Terdapat beberapa pengecualian dari aturan ini. Siswa yang mengalami disabilitas atau mengikuti pendidikan luar biasa dan membutuhkan gawai, diperbolehkan menggunakannya untuk tujuan pendidikan atau kondisi darurat.
Perbedaan Pendapat Mengenai Pelarangan Ponsel
Tetapi guru tampaknya terbagi dua pandangannya terhadap pelarangan ini. Hanya kelompok konservatif dari Federasi Asosiasi Guru Korea yang mendukung aturan ini, karena berlandaskan aturan hukum yang solid dalam mendukung pelarangan ponsel di ruang kelas.
Jurubicara dari organisasi ini menyatakan, melalui surveinya sendiri, bahwa 70 persen guru melaporkan gangguan kelas akibat penggunaan ponsel. Beberapa siswa tidak dapat mengontrol emosi, dan bahkan mengejek gurunya saat dilarang menggunakan ponsel.
Kelompok lainnya, Serikat Pekerja Edukasi dan Guru Korea, menyatakan bahwa mereka tidak mendukung aturan tersebut, dengan menyatakan khawatir akan hak siswa dalam mengakses ponsel.
"Saat ini, siswa tidak memiliki tempat untuk bertemu teman, selain tempat les, atau menggunakan KakaoTalk dan Instagram, sementara mereka terus didorong agar kompetitif di sekolah," ujar Cho Young-sun, seorang guru SMA. Cho percaya bahwa aturan ini berfokus pada ponsel saja, daripada masalah ujian masuk universitas.

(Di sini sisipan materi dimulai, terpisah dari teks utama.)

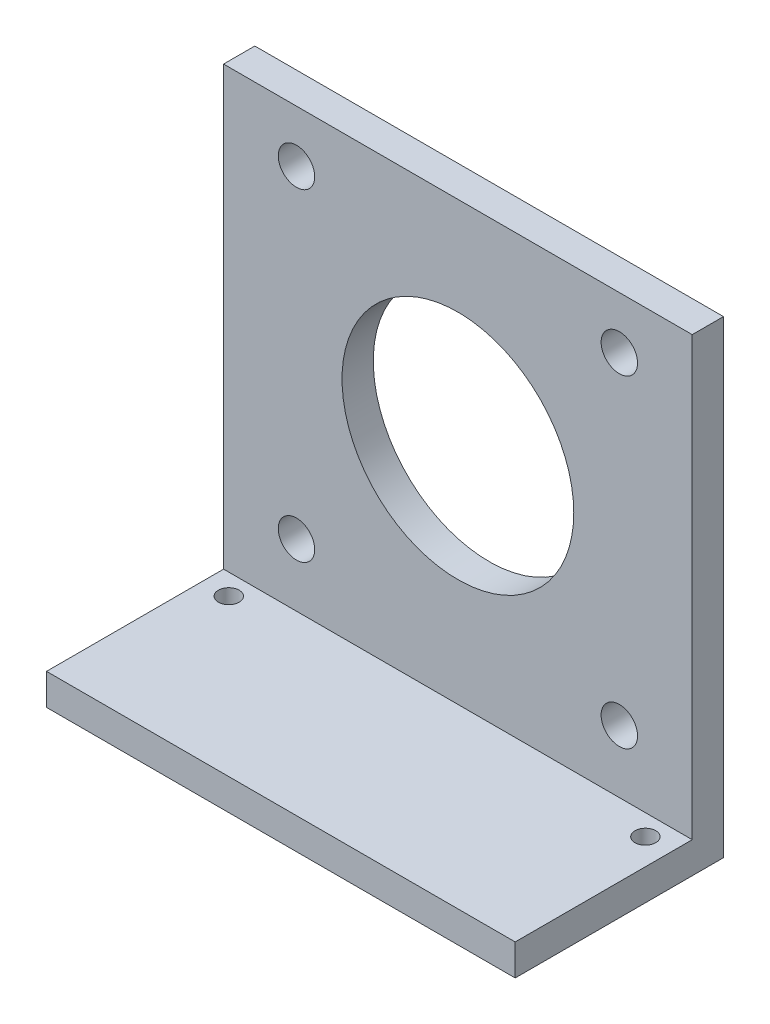
ISO-10303-21;
HEADER;
FILE_DESCRIPTION(('STEP AP214'),'2;1');
FILE_NAME('part.step','',(''),(''),'','','');
FILE_SCHEMA(('AUTOMOTIVE_DESIGN { 1 0 10303 214 1 1 1 1 }'));
ENDSEC;
DATA;
#1=APPLICATION_CONTEXT('core data for automotive mechanical design processes');
#2=APPLICATION_PROTOCOL_DEFINITION('international standard','automotive_design',2000,#1);
#3=PRODUCT_CONTEXT('',#1,'mechanical');
#4=PRODUCT('Part','Part','',(#3));
#5=PRODUCT_RELATED_PRODUCT_CATEGORY('part','',(#4));
#6=PRODUCT_DEFINITION_FORMATION('','',#4);
#7=PRODUCT_DEFINITION_CONTEXT('part definition',#1,'design');
#8=PRODUCT_DEFINITION('design','',#6,#7);
#9=PRODUCT_DEFINITION_SHAPE('','',#8);
#10=(LENGTH_UNIT() NAMED_UNIT(*) SI_UNIT(.MILLI.,.METRE.));
#11=(NAMED_UNIT(*) PLANE_ANGLE_UNIT() SI_UNIT($,.RADIAN.));
#12=(NAMED_UNIT(*) SI_UNIT($,.STERADIAN.) SOLID_ANGLE_UNIT());
#13=UNCERTAINTY_MEASURE_WITH_UNIT(LENGTH_MEASURE(1.E-05),#10,'distance_accuracy_value','');
#14=(GEOMETRIC_REPRESENTATION_CONTEXT(3) GLOBAL_UNCERTAINTY_ASSIGNED_CONTEXT((#13)) GLOBAL_UNIT_ASSIGNED_CONTEXT((#10,
#11,#12)) REPRESENTATION_CONTEXT('',''));
#15=CARTESIAN_POINT('',(0.,0.,0.));
#16=DIRECTION('',(0.,0.,1.));
#17=DIRECTION('',(1.,0.,0.));
#18=AXIS2_PLACEMENT_3D('',#15,#16,#17);
#19=CARTESIAN_POINT('',(0.,0.,3.));
#20=DIRECTION('',(0.,0.,1.));
#21=DIRECTION('',(1.,0.,0.));
#22=AXIS2_PLACEMENT_3D('',#19,#20,#21);
#23=PLANE('',#22);
#24=CARTESIAN_POINT('',(0.,0.,3.));
#25=DIRECTION('',(0.,0.,1.));
#26=DIRECTION('',(1.,0.,0.));
#27=AXIS2_PLACEMENT_3D('',#24,#25,#26);
#28=CIRCLE('',#27,1.75);
#29=CARTESIAN_POINT('',(1.75,0.,3.));
#30=VERTEX_POINT('',#29);
#31=EDGE_CURVE('E159',#30,#30,#28,.T.);
#32=ORIENTED_EDGE('',*,*,#31,.F.);
#33=EDGE_LOOP('',(#32));
#34=FACE_BOUND('',#33,.T.);
#35=CARTESIAN_POINT('',(31.,31.,3.));
#36=DIRECTION('',(0.,0.,1.));
#37=DIRECTION('',(1.,0.,0.));
#38=AXIS2_PLACEMENT_3D('',#35,#36,#37);
#39=CIRCLE('',#38,1.75000000000001);
#40=CARTESIAN_POINT('',(32.75,31.,3.));
#41=VERTEX_POINT('',#40);
#42=EDGE_CURVE('E171',#41,#41,#39,.T.);
#43=ORIENTED_EDGE('',*,*,#42,.F.);
#44=EDGE_LOOP('',(#43));
#45=FACE_BOUND('',#44,.T.);
#46=DIRECTION('',(0.,-1.,0.));
#47=VECTOR('',#46,1.);
#48=CARTESIAN_POINT('',(-7.,36.,3.));
#49=LINE('',#48,#47);
#50=CARTESIAN_POINT('',(-7.,36.,3.));
#51=VERTEX_POINT('',#50);
#52=CARTESIAN_POINT('',(-7.,-6.,3.));
#53=VERTEX_POINT('',#52);
#54=EDGE_CURVE('E98',#51,#53,#49,.T.);
#55=ORIENTED_EDGE('',*,*,#54,.T.);
#56=DIRECTION('',(1.,0.,0.));
#57=VECTOR('',#56,1.);
#58=CARTESIAN_POINT('',(-7.,-6.,3.));
#59=LINE('',#58,#57);
#60=CARTESIAN_POINT('',(38.,-6.,3.));
#61=VERTEX_POINT('',#60);
#62=EDGE_CURVE('E75',#53,#61,#59,.T.);
#63=ORIENTED_EDGE('',*,*,#62,.T.);
#64=DIRECTION('',(0.,1.,0.));
#65=VECTOR('',#64,1.);
#66=CARTESIAN_POINT('',(38.,36.,3.));
#67=LINE('',#66,#65);
#68=CARTESIAN_POINT('',(38.,36.,3.));
#69=VERTEX_POINT('',#68);
#70=EDGE_CURVE('E96',#61,#69,#67,.T.);
#71=ORIENTED_EDGE('',*,*,#70,.T.);
#72=DIRECTION('',(-1.,0.,0.));
#73=VECTOR('',#72,1.);
#74=CARTESIAN_POINT('',(-7.,36.,3.));
#75=LINE('',#74,#73);
#76=EDGE_CURVE('E54',#69,#51,#75,.T.);
#77=ORIENTED_EDGE('',*,*,#76,.T.);
#78=EDGE_LOOP('',(#55,#63,#71,#77));
#79=FACE_BOUND('',#78,.T.);
#80=CARTESIAN_POINT('',(0.,31.,3.));
#81=DIRECTION('',(0.,0.,1.));
#82=DIRECTION('',(1.,0.,0.));
#83=AXIS2_PLACEMENT_3D('',#80,#81,#82);
#84=CIRCLE('',#83,1.75);
#85=CARTESIAN_POINT('',(1.74999999999999,31.,3.));
#86=VERTEX_POINT('',#85);
#87=EDGE_CURVE('E108',#86,#86,#84,.T.);
#88=ORIENTED_EDGE('',*,*,#87,.F.);
#89=EDGE_LOOP('',(#88));
#90=FACE_BOUND('',#89,.T.);
#91=CARTESIAN_POINT('',(31.,0.,3.));
#92=DIRECTION('',(0.,0.,1.));
#93=DIRECTION('',(1.,0.,0.));
#94=AXIS2_PLACEMENT_3D('',#91,#92,#93);
#95=CIRCLE('',#94,1.75);
#96=CARTESIAN_POINT('',(32.75,0.,3.));
#97=VERTEX_POINT('',#96);
#98=EDGE_CURVE('E165',#97,#97,#95,.T.);
#99=ORIENTED_EDGE('',*,*,#98,.F.);
#100=EDGE_LOOP('',(#99));
#101=FACE_BOUND('',#100,.T.);
#102=CARTESIAN_POINT('',(15.5,15.5,3.));
#103=DIRECTION('',(0.,0.,1.));
#104=DIRECTION('',(1.,0.,0.));
#105=AXIS2_PLACEMENT_3D('',#102,#103,#104);
#106=CIRCLE('',#105,11.125);
#107=CARTESIAN_POINT('',(26.625,15.5,3.));
#108=VERTEX_POINT('',#107);
#109=EDGE_CURVE('E153',#108,#108,#106,.T.);
#110=ORIENTED_EDGE('',*,*,#109,.F.);
#111=EDGE_LOOP('',(#110));
#112=FACE_BOUND('',#111,.T.);
#113=ADVANCED_FACE('F37',(#34,#45,#79,#90,#101,#112),#23,.T.);
#114=CARTESIAN_POINT('',(0.,0.,0.));
#115=DIRECTION('',(0.,0.,1.));
#116=DIRECTION('',(1.,0.,0.));
#117=AXIS2_PLACEMENT_3D('',#114,#115,#116);
#118=PLANE('',#117);
#119=DIRECTION('',(0.,-1.,0.));
#120=VECTOR('',#119,1.);
#121=CARTESIAN_POINT('',(-7.,36.,0.));
#122=LINE('',#121,#120);
#123=CARTESIAN_POINT('',(-7.,36.,0.));
#124=VERTEX_POINT('',#123);
#125=CARTESIAN_POINT('',(-7.,-9.,0.));
#126=VERTEX_POINT('',#125);
#127=EDGE_CURVE('E105',#124,#126,#122,.T.);
#128=ORIENTED_EDGE('',*,*,#127,.F.);
#129=DIRECTION('',(-1.,0.,0.));
#130=VECTOR('',#129,1.);
#131=CARTESIAN_POINT('',(-7.,36.,0.));
#132=LINE('',#131,#130);
#133=CARTESIAN_POINT('',(38.,36.,0.));
#134=VERTEX_POINT('',#133);
#135=EDGE_CURVE('E110',#134,#124,#132,.T.);
#136=ORIENTED_EDGE('',*,*,#135,.F.);
#137=DIRECTION('',(0.,1.,0.));
#138=VECTOR('',#137,1.);
#139=CARTESIAN_POINT('',(38.,36.,0.));
#140=LINE('',#139,#138);
#141=CARTESIAN_POINT('',(38.,-9.,0.));
#142=VERTEX_POINT('',#141);
#143=EDGE_CURVE('E66',#142,#134,#140,.T.);
#144=ORIENTED_EDGE('',*,*,#143,.F.);
#145=DIRECTION('',(1.,0.,0.));
#146=VECTOR('',#145,1.);
#147=CARTESIAN_POINT('',(-7.,-9.,0.));
#148=LINE('',#147,#146);
#149=EDGE_CURVE('E123',#126,#142,#148,.T.);
#150=ORIENTED_EDGE('',*,*,#149,.F.);
#151=EDGE_LOOP('',(#128,#136,#144,#150));
#152=FACE_BOUND('',#151,.T.);
#153=CARTESIAN_POINT('',(0.,31.,0.));
#154=DIRECTION('',(0.,0.,1.));
#155=DIRECTION('',(1.,0.,0.));
#156=AXIS2_PLACEMENT_3D('',#153,#154,#155);
#157=CIRCLE('',#156,1.75);
#158=CARTESIAN_POINT('',(1.74999999999999,31.,0.));
#159=VERTEX_POINT('',#158);
#160=EDGE_CURVE('E174',#159,#159,#157,.T.);
#161=ORIENTED_EDGE('',*,*,#160,.T.);
#162=EDGE_LOOP('',(#161));
#163=FACE_BOUND('',#162,.T.);
#164=CARTESIAN_POINT('',(31.,31.,0.));
#165=DIRECTION('',(0.,0.,1.));
#166=DIRECTION('',(1.,0.,0.));
#167=AXIS2_PLACEMENT_3D('',#164,#165,#166);
#168=CIRCLE('',#167,1.75000000000001);
#169=CARTESIAN_POINT('',(32.75,31.,0.));
#170=VERTEX_POINT('',#169);
#171=EDGE_CURVE('E168',#170,#170,#168,.T.);
#172=ORIENTED_EDGE('',*,*,#171,.T.);
#173=EDGE_LOOP('',(#172));
#174=FACE_BOUND('',#173,.T.);
#175=CARTESIAN_POINT('',(31.,0.,0.));
#176=DIRECTION('',(0.,0.,1.));
#177=DIRECTION('',(1.,0.,0.));
#178=AXIS2_PLACEMENT_3D('',#175,#176,#177);
#179=CIRCLE('',#178,1.75);
#180=CARTESIAN_POINT('',(32.75,0.,0.));
#181=VERTEX_POINT('',#180);
#182=EDGE_CURVE('E162',#181,#181,#179,.T.);
#183=ORIENTED_EDGE('',*,*,#182,.T.);
#184=EDGE_LOOP('',(#183));
#185=FACE_BOUND('',#184,.T.);
#186=CARTESIAN_POINT('',(0.,0.,0.));
#187=DIRECTION('',(0.,0.,1.));
#188=DIRECTION('',(1.,0.,0.));
#189=AXIS2_PLACEMENT_3D('',#186,#187,#188);
#190=CIRCLE('',#189,1.75);
#191=CARTESIAN_POINT('',(1.75,0.,0.));
#192=VERTEX_POINT('',#191);
#193=EDGE_CURVE('E156',#192,#192,#190,.T.);
#194=ORIENTED_EDGE('',*,*,#193,.T.);
#195=EDGE_LOOP('',(#194));
#196=FACE_BOUND('',#195,.T.);
#197=CARTESIAN_POINT('',(15.5,15.5,0.));
#198=DIRECTION('',(0.,0.,1.));
#199=DIRECTION('',(1.,0.,0.));
#200=AXIS2_PLACEMENT_3D('',#197,#198,#199);
#201=CIRCLE('',#200,11.125);
#202=CARTESIAN_POINT('',(26.625,15.5,0.));
#203=VERTEX_POINT('',#202);
#204=EDGE_CURVE('E152',#203,#203,#201,.T.);
#205=ORIENTED_EDGE('',*,*,#204,.T.);
#206=EDGE_LOOP('',(#205));
#207=FACE_BOUND('',#206,.T.);
#208=ADVANCED_FACE('F120',(#152,#163,#174,#185,#196,#207),#118,.F.);
#209=CARTESIAN_POINT('',(-7.,36.,3.));
#210=DIRECTION('',(1.,0.,0.));
#211=DIRECTION('',(0.,1.,0.));
#212=AXIS2_PLACEMENT_3D('',#209,#210,#211);
#213=PLANE('',#212);
#214=ORIENTED_EDGE('',*,*,#127,.T.);
#215=DIRECTION('',(0.,0.,-1.));
#216=VECTOR('',#215,1.);
#217=CARTESIAN_POINT('',(-7.,-9.,0.));
#218=LINE('',#217,#216);
#219=CARTESIAN_POINT('',(-7.,-9.,20.));
#220=VERTEX_POINT('',#219);
#221=EDGE_CURVE('E130',#220,#126,#218,.T.);
#222=ORIENTED_EDGE('',*,*,#221,.F.);
#223=DIRECTION('',(0.,1.,0.));
#224=VECTOR('',#223,1.);
#225=CARTESIAN_POINT('',(-7.,-9.,20.));
#226=LINE('',#225,#224);
#227=CARTESIAN_POINT('',(-7.,-6.,20.));
#228=VERTEX_POINT('',#227);
#229=EDGE_CURVE('E146',#220,#228,#226,.T.);
#230=ORIENTED_EDGE('',*,*,#229,.T.);
#231=DIRECTION('',(0.,0.,-1.));
#232=VECTOR('',#231,1.);
#233=CARTESIAN_POINT('',(-7.,-6.,0.));
#234=LINE('',#233,#232);
#235=EDGE_CURVE('E93',#228,#53,#234,.T.);
#236=ORIENTED_EDGE('',*,*,#235,.T.);
#237=ORIENTED_EDGE('',*,*,#54,.F.);
#238=DIRECTION('',(0.,0.,-1.));
#239=VECTOR('',#238,1.);
#240=CARTESIAN_POINT('',(-7.,36.,3.));
#241=LINE('',#240,#239);
#242=EDGE_CURVE('E46',#51,#124,#241,.T.);
#243=ORIENTED_EDGE('',*,*,#242,.T.);
#244=EDGE_LOOP('',(#214,#222,#230,#236,#237,#243));
#245=FACE_BOUND('',#244,.T.);
#246=ADVANCED_FACE('F39',(#245),#213,.F.);
#247=CARTESIAN_POINT('',(38.,36.,3.));
#248=DIRECTION('',(-1.,0.,0.));
#249=DIRECTION('',(0.,0.,1.));
#250=AXIS2_PLACEMENT_3D('',#247,#248,#249);
#251=PLANE('',#250);
#252=ORIENTED_EDGE('',*,*,#143,.T.);
#253=DIRECTION('',(0.,0.,-1.));
#254=VECTOR('',#253,1.);
#255=CARTESIAN_POINT('',(38.,36.,3.));
#256=LINE('',#255,#254);
#257=EDGE_CURVE('E11',#69,#134,#256,.T.);
#258=ORIENTED_EDGE('',*,*,#257,.F.);
#259=ORIENTED_EDGE('',*,*,#70,.F.);
#260=DIRECTION('',(0.,0.,1.));
#261=VECTOR('',#260,1.);
#262=CARTESIAN_POINT('',(38.,-6.,0.));
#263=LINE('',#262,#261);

Dikenal sebagai Suneung, yaitu maraton ujian tes selama delapan jam, yang dianggap oleh warga Korea Selatan sebagai penyegel takdir mereka. Hasil skornya akan menentukan kelulusan siswa masuk universitas, dan menentukan pula prospek pekerjaan serta pendapatan mereka.
Pelarangan ini ditanggapi dengan skeptis pula, termasuk dari siswa, yang mempertanyakan bahwa aturan ini akan berhasil, implikasinya yang lebih luas, dan apakah dapat menanggulangi akar penyebab adiksi.
Seorang anak akan memulai persiapan ujian sejak hari pertama di sekolah. Narasumber anak berumur 13 tahun yang anonim, menyatakan bahwa dirinya tidak memiliki waktu untuk adiksi pada ponsel. Waktunya biasa dihabiskan untuk les privat dan pekerjaan rumah hingga tengah malam, setiap harinya.
"Daripada melarangnya, seharusnya diajarkan bagaimana siswa dapat mengisi waktu tanpa ponselnya," ujar Seo Min-joon, seorang siswa SMA yang menolak pelarangan ponsel.
"Melarang ponsel selama KBM tidak banyak hasilnya, karena siswa menggunakan ponsel saat transit atau berbaring di kamarnya. Tidak ada edukasi khusus mengenai kesehatan, hanya pelarangan saja," tutup Seo.